[Given entries — start]

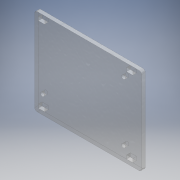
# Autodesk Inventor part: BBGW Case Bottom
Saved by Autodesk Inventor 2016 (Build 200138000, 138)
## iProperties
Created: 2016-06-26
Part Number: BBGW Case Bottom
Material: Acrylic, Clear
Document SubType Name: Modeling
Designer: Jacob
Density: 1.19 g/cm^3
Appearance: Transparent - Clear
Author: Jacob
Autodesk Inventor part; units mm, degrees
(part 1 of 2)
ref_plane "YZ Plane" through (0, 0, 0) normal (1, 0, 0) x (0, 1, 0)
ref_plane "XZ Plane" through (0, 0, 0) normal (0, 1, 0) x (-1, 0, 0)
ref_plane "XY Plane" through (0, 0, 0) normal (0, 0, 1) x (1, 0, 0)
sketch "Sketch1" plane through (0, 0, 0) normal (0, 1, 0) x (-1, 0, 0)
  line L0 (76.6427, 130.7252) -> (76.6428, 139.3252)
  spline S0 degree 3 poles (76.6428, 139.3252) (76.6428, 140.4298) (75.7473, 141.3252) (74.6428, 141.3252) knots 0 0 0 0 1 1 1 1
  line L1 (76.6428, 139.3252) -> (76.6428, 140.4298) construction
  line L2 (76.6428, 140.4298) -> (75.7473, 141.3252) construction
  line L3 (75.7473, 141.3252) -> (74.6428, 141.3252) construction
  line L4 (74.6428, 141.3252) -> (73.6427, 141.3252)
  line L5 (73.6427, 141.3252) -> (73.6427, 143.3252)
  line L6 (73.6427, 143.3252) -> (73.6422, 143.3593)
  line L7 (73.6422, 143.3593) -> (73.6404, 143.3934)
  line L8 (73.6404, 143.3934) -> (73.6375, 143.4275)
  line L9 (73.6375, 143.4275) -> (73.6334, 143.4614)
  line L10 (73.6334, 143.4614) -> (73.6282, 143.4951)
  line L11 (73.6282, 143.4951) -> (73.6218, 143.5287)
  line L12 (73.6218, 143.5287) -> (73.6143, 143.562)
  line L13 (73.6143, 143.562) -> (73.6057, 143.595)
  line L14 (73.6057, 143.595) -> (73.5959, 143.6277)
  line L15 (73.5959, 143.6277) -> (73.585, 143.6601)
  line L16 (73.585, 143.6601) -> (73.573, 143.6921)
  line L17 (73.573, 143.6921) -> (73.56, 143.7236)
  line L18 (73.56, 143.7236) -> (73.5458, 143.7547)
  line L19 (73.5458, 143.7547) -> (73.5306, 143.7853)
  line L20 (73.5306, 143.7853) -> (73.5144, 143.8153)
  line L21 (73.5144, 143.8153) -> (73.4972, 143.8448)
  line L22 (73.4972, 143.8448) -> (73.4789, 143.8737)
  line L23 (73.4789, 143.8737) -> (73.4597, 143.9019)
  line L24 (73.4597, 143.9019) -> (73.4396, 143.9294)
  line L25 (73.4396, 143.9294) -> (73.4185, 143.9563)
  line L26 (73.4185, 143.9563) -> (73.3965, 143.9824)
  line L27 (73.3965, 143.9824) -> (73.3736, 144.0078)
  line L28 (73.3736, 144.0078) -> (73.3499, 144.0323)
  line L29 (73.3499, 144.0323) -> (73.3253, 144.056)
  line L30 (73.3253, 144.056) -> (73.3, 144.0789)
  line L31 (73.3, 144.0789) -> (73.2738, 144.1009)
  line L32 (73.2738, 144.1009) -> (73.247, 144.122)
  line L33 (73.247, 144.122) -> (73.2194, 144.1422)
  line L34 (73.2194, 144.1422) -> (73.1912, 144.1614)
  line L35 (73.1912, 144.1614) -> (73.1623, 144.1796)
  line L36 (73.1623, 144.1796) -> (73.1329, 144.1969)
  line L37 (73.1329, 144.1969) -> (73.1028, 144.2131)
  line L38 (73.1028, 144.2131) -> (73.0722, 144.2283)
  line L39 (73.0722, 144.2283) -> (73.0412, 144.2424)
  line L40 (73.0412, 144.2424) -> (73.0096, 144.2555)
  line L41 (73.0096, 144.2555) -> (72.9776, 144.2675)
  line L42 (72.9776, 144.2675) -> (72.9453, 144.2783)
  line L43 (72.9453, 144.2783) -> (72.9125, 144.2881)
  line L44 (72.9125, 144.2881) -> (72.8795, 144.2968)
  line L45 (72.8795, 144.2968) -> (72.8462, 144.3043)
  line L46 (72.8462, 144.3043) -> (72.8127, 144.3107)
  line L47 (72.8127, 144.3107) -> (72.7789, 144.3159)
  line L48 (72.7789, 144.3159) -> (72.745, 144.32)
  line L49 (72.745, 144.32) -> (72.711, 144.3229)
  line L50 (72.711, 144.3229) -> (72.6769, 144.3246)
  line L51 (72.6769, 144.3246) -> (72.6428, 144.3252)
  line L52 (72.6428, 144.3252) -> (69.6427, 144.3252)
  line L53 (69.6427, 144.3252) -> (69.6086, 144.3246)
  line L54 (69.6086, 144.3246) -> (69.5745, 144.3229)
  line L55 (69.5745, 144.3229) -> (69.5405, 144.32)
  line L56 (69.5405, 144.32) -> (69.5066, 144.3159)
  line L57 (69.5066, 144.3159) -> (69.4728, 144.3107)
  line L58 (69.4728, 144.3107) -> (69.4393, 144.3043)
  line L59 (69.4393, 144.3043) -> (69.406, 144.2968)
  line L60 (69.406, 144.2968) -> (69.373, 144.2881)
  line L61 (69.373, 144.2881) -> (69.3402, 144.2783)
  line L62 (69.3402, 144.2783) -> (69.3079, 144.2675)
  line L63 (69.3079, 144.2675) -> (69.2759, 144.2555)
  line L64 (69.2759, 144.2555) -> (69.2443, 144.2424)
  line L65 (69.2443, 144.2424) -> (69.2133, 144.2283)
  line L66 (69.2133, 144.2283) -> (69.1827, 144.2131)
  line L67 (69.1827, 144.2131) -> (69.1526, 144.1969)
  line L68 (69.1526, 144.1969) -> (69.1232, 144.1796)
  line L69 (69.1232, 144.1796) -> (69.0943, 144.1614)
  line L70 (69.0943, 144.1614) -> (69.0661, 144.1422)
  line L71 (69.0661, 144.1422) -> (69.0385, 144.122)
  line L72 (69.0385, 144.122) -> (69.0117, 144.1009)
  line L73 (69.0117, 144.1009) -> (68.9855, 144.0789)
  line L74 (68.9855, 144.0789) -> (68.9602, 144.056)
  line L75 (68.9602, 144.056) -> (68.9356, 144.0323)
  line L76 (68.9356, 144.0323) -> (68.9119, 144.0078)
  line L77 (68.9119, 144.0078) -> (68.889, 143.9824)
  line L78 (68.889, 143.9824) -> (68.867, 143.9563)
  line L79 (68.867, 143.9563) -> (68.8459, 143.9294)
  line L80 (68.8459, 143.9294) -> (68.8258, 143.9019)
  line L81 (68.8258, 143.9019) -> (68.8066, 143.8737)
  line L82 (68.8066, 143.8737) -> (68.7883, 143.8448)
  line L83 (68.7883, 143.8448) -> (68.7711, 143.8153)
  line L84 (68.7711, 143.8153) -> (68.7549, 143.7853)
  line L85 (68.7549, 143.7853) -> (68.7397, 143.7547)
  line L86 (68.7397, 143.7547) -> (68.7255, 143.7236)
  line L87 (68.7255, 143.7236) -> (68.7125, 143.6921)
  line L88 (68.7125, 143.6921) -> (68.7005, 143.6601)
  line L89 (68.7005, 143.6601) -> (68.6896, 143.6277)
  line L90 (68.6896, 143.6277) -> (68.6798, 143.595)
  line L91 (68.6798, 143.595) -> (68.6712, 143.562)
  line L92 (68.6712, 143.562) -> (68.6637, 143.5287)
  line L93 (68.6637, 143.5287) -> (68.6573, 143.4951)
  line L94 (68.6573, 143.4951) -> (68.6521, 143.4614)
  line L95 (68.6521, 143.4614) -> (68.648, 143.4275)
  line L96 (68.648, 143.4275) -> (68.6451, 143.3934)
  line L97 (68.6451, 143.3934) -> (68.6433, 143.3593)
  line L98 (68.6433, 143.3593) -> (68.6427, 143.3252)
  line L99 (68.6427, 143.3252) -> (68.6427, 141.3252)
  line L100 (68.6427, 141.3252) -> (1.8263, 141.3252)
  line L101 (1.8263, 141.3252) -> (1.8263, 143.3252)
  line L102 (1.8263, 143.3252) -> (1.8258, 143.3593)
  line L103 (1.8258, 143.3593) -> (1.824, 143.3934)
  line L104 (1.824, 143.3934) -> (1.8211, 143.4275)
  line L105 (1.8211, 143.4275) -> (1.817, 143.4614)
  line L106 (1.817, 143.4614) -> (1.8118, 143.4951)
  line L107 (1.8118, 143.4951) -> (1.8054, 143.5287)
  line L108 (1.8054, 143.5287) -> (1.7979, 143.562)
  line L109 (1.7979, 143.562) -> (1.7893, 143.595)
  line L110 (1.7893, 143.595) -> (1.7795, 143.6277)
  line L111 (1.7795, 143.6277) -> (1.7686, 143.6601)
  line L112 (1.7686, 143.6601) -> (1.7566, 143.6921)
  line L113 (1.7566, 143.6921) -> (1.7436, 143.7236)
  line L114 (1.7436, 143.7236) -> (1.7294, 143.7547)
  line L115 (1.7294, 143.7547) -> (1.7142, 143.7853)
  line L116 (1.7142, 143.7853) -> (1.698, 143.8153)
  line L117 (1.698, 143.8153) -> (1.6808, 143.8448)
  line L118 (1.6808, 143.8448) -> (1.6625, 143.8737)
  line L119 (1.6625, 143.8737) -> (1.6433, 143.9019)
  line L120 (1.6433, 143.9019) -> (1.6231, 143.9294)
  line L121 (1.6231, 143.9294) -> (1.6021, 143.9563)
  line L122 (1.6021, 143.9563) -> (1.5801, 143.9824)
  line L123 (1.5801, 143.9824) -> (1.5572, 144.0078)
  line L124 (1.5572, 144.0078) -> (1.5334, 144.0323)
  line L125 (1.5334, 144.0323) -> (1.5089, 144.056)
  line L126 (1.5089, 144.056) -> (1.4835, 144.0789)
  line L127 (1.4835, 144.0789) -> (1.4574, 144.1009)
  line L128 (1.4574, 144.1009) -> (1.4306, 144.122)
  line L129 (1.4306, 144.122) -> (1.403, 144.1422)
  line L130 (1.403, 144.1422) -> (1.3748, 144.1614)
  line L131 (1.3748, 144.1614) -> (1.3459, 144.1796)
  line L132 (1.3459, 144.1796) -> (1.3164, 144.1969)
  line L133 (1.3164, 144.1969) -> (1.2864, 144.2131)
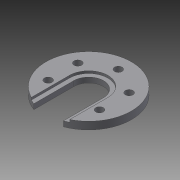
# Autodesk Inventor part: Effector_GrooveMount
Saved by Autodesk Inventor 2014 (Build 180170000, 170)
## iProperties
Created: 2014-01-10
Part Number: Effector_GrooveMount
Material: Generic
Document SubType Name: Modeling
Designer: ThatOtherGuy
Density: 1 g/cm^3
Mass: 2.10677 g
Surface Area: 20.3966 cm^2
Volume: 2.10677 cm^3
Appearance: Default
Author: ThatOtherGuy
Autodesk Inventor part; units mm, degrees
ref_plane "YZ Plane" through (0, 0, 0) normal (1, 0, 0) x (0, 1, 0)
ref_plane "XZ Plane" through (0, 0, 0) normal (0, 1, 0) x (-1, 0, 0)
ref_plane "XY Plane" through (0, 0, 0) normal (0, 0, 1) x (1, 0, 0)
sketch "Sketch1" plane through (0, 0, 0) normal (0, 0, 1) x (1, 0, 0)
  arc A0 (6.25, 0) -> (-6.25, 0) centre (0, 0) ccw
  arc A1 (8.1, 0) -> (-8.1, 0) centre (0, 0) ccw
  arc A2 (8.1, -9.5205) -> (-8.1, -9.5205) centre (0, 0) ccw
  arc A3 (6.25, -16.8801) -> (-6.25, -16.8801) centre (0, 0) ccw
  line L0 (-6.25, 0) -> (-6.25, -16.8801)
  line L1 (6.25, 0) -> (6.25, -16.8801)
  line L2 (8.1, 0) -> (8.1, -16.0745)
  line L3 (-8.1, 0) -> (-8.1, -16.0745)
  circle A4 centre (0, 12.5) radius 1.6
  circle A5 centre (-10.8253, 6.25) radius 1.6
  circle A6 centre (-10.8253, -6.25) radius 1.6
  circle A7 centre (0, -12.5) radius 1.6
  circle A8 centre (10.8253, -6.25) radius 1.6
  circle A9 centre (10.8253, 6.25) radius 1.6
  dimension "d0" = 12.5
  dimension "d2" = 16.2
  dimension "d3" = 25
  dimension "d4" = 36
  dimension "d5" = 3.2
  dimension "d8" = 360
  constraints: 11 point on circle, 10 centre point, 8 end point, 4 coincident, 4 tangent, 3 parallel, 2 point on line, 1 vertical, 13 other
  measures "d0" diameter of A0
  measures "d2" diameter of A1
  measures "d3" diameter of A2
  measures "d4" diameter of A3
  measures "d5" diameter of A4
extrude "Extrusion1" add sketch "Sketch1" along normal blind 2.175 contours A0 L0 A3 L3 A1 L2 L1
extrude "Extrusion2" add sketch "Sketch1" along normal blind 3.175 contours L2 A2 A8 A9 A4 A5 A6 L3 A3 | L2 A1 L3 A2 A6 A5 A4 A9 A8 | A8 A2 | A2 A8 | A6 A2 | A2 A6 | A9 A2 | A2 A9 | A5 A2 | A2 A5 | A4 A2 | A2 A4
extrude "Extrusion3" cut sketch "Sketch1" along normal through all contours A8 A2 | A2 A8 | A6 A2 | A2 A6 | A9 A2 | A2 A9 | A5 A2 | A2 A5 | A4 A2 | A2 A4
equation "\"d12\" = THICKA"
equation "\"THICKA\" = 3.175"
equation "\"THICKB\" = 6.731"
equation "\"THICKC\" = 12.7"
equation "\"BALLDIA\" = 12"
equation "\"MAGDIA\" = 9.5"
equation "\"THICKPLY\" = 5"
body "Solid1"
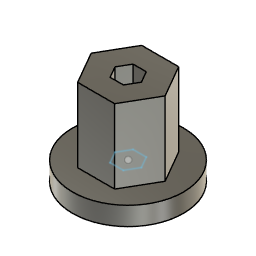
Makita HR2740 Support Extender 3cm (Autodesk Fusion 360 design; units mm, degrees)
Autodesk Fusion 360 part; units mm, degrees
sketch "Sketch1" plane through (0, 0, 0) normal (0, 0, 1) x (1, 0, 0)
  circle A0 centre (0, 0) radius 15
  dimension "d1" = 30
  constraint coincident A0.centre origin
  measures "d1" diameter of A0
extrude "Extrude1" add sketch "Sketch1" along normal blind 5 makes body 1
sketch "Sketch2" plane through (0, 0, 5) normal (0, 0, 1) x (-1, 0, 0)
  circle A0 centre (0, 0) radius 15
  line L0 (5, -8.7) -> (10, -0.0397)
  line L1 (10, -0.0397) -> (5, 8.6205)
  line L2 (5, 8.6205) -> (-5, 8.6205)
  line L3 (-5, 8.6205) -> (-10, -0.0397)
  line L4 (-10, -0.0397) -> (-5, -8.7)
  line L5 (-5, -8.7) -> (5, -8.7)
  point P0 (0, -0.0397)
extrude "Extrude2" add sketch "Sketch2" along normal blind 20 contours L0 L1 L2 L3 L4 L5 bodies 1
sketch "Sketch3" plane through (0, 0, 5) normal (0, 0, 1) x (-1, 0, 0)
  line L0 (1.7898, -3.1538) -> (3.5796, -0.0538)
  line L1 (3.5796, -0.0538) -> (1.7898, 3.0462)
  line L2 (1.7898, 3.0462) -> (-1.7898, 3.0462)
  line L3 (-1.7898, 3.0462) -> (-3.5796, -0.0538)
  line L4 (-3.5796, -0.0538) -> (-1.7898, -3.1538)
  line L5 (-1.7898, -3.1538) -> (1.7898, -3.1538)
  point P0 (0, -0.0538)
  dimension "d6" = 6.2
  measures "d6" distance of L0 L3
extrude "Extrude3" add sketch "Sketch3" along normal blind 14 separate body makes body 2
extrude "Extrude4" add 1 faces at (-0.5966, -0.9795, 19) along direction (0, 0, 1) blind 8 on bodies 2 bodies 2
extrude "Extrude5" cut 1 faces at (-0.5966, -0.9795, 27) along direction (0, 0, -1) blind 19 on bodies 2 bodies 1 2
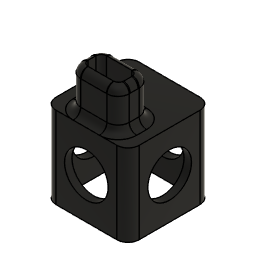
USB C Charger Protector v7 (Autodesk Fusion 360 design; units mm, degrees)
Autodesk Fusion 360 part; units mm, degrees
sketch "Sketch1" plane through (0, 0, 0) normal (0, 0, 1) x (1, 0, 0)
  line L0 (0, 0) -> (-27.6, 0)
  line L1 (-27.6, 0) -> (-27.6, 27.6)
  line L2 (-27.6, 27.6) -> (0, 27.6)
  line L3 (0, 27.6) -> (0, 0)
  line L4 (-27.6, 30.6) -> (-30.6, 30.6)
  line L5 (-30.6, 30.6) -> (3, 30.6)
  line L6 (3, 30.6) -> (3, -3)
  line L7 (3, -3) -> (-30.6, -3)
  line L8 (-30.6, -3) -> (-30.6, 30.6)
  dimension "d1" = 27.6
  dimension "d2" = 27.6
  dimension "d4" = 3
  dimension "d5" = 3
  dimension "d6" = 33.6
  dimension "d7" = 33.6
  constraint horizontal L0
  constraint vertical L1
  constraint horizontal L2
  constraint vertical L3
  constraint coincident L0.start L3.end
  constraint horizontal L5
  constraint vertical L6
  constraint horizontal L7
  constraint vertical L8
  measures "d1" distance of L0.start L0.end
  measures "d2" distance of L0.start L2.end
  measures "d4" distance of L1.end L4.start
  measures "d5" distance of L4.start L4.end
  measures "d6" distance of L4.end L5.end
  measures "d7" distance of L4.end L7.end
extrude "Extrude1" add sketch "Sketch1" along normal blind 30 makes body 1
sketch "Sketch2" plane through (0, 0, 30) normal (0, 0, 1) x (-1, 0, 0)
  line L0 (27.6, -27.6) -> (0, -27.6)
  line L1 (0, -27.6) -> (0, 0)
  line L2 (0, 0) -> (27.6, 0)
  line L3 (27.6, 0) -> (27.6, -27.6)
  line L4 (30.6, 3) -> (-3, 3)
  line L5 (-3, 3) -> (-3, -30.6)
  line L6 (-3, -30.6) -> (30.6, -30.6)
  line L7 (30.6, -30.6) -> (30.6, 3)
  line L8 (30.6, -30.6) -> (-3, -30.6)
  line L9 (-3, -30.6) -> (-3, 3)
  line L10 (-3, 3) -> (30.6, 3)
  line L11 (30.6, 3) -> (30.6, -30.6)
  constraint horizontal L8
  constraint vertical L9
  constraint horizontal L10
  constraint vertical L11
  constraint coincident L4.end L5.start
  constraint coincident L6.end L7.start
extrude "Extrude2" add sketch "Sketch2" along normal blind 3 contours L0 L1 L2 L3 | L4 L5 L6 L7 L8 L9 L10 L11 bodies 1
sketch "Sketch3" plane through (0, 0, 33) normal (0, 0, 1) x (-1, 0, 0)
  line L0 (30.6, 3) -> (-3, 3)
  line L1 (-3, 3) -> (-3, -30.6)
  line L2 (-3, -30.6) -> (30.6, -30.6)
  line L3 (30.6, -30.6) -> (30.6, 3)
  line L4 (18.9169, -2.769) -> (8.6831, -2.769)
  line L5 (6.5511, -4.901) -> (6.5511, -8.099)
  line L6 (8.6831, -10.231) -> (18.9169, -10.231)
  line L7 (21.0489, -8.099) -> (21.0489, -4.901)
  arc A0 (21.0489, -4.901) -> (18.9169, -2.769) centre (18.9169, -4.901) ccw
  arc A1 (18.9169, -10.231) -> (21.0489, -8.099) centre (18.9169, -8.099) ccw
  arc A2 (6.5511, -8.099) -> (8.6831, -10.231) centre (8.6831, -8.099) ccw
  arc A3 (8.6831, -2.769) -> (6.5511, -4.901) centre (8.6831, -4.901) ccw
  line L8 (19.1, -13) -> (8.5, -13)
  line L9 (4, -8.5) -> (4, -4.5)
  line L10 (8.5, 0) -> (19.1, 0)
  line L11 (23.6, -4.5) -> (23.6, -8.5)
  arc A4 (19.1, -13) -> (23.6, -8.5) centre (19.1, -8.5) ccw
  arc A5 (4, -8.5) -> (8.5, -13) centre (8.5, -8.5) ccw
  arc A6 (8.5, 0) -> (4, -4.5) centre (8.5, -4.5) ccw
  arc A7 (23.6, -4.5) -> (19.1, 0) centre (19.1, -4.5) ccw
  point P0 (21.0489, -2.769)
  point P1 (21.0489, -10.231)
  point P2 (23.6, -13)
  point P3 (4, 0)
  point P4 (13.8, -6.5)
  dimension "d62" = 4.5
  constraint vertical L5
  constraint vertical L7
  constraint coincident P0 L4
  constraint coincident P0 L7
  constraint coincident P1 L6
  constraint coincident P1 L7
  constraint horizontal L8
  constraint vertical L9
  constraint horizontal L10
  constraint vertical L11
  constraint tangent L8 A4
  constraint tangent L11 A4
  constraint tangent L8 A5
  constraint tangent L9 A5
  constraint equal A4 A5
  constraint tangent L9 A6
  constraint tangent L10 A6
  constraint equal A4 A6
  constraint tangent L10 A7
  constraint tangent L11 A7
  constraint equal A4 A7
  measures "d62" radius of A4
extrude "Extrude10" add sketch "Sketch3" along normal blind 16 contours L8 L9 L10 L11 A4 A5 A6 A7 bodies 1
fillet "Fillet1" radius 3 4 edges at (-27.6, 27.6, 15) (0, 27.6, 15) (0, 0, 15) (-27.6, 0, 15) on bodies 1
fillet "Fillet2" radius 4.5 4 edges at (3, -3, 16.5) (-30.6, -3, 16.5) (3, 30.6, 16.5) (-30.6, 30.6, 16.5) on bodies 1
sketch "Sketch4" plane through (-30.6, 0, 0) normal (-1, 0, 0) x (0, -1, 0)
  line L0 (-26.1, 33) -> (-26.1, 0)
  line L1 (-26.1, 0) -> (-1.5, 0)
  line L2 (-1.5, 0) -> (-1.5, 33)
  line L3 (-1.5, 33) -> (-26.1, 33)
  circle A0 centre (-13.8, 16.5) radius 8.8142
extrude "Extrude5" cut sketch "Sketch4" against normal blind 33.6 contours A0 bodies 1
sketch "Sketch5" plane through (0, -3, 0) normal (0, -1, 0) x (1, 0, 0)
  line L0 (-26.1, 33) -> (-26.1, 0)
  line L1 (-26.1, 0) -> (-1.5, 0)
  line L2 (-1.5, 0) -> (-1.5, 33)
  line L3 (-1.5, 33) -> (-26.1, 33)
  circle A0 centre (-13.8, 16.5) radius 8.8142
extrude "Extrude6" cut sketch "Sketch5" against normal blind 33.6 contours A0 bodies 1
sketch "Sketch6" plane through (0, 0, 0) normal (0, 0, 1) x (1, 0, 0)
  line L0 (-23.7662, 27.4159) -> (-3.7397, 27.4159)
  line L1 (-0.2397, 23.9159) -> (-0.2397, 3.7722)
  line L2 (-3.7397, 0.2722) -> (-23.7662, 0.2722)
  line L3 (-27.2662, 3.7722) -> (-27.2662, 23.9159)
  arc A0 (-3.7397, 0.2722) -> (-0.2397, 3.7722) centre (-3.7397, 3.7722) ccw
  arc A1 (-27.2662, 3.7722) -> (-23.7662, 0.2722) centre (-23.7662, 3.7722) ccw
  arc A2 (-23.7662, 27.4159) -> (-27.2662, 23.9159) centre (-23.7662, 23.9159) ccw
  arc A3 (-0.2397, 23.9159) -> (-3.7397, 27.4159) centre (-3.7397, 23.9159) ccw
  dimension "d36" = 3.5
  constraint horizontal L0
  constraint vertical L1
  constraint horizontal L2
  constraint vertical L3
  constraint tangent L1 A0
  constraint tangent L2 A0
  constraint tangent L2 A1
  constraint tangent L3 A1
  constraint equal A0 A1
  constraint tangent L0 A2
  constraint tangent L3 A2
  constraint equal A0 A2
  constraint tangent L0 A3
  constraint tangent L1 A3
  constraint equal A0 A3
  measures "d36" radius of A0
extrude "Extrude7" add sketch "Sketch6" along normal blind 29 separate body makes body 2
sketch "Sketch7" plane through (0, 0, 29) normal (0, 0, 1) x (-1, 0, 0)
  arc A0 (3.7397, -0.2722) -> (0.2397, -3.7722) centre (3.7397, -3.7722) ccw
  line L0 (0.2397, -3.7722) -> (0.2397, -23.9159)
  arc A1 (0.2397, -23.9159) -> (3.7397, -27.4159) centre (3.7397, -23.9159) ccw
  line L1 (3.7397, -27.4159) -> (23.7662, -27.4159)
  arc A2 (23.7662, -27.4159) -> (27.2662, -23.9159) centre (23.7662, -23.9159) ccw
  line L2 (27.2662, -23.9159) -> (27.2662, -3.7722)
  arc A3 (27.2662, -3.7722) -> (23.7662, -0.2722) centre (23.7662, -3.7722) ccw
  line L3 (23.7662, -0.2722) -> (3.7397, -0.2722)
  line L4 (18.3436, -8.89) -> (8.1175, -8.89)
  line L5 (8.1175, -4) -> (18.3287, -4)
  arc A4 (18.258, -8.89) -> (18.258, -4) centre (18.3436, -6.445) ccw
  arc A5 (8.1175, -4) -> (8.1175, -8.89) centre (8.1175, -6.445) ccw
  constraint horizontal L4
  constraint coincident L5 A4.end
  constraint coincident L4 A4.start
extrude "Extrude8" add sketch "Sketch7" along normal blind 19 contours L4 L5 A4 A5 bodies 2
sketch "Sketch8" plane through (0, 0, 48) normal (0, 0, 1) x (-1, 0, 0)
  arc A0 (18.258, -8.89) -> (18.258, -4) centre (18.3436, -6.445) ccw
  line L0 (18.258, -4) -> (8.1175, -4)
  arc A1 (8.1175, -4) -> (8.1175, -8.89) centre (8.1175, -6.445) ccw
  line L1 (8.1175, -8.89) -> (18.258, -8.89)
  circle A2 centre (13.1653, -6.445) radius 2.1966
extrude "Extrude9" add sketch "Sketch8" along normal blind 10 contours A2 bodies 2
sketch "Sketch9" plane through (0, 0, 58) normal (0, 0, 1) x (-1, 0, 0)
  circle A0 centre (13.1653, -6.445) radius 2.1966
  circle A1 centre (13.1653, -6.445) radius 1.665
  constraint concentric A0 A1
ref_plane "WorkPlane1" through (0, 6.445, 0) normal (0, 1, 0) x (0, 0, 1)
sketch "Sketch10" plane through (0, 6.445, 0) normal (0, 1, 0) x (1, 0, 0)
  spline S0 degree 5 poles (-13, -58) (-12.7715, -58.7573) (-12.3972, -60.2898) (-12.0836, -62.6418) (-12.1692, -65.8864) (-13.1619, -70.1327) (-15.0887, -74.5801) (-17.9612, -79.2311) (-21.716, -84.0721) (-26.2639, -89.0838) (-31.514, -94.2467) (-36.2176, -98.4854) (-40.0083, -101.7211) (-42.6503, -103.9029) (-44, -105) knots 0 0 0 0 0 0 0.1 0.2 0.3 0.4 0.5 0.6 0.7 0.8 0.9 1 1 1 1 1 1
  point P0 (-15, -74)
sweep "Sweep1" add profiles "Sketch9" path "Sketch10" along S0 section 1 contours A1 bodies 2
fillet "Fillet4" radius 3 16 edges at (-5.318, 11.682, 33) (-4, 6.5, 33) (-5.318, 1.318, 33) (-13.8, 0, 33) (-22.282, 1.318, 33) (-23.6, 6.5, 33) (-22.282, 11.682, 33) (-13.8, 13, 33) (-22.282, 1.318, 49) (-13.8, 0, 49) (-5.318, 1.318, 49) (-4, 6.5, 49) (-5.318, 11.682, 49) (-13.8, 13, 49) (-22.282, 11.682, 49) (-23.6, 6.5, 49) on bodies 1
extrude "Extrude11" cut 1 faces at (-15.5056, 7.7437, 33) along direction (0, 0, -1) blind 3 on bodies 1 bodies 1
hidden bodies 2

[Given entries — finish]

Work to be completed — Nothing should appear in the answer except the lines above from the line with "constraint tangent L9 A5" through the line with "15) on bodies 1", both included, written out exactly.

Solved exercise —
  constraint tangent L9 A5
  constraint equal A4 A5
  constraint tangent L9 A6
  constraint tangent L10 A6
  constraint equal A4 A6
  constraint tangent L10 A7
  constraint tangent L11 A7
  constraint equal A4 A7
  measures "d62" radius of A4
extrude "Extrude10" add sketch "Sketch3" along normal blind 16 contours L8 L9 L10 L11 A4 A5 A6 A7 bodies 1
fillet "Fillet1" radius 3 4 edges at (-27.6, 27.6, 15) (0, 27.6, 15) (0, 0, 15) (-27.6, 0, 15) on bodies 1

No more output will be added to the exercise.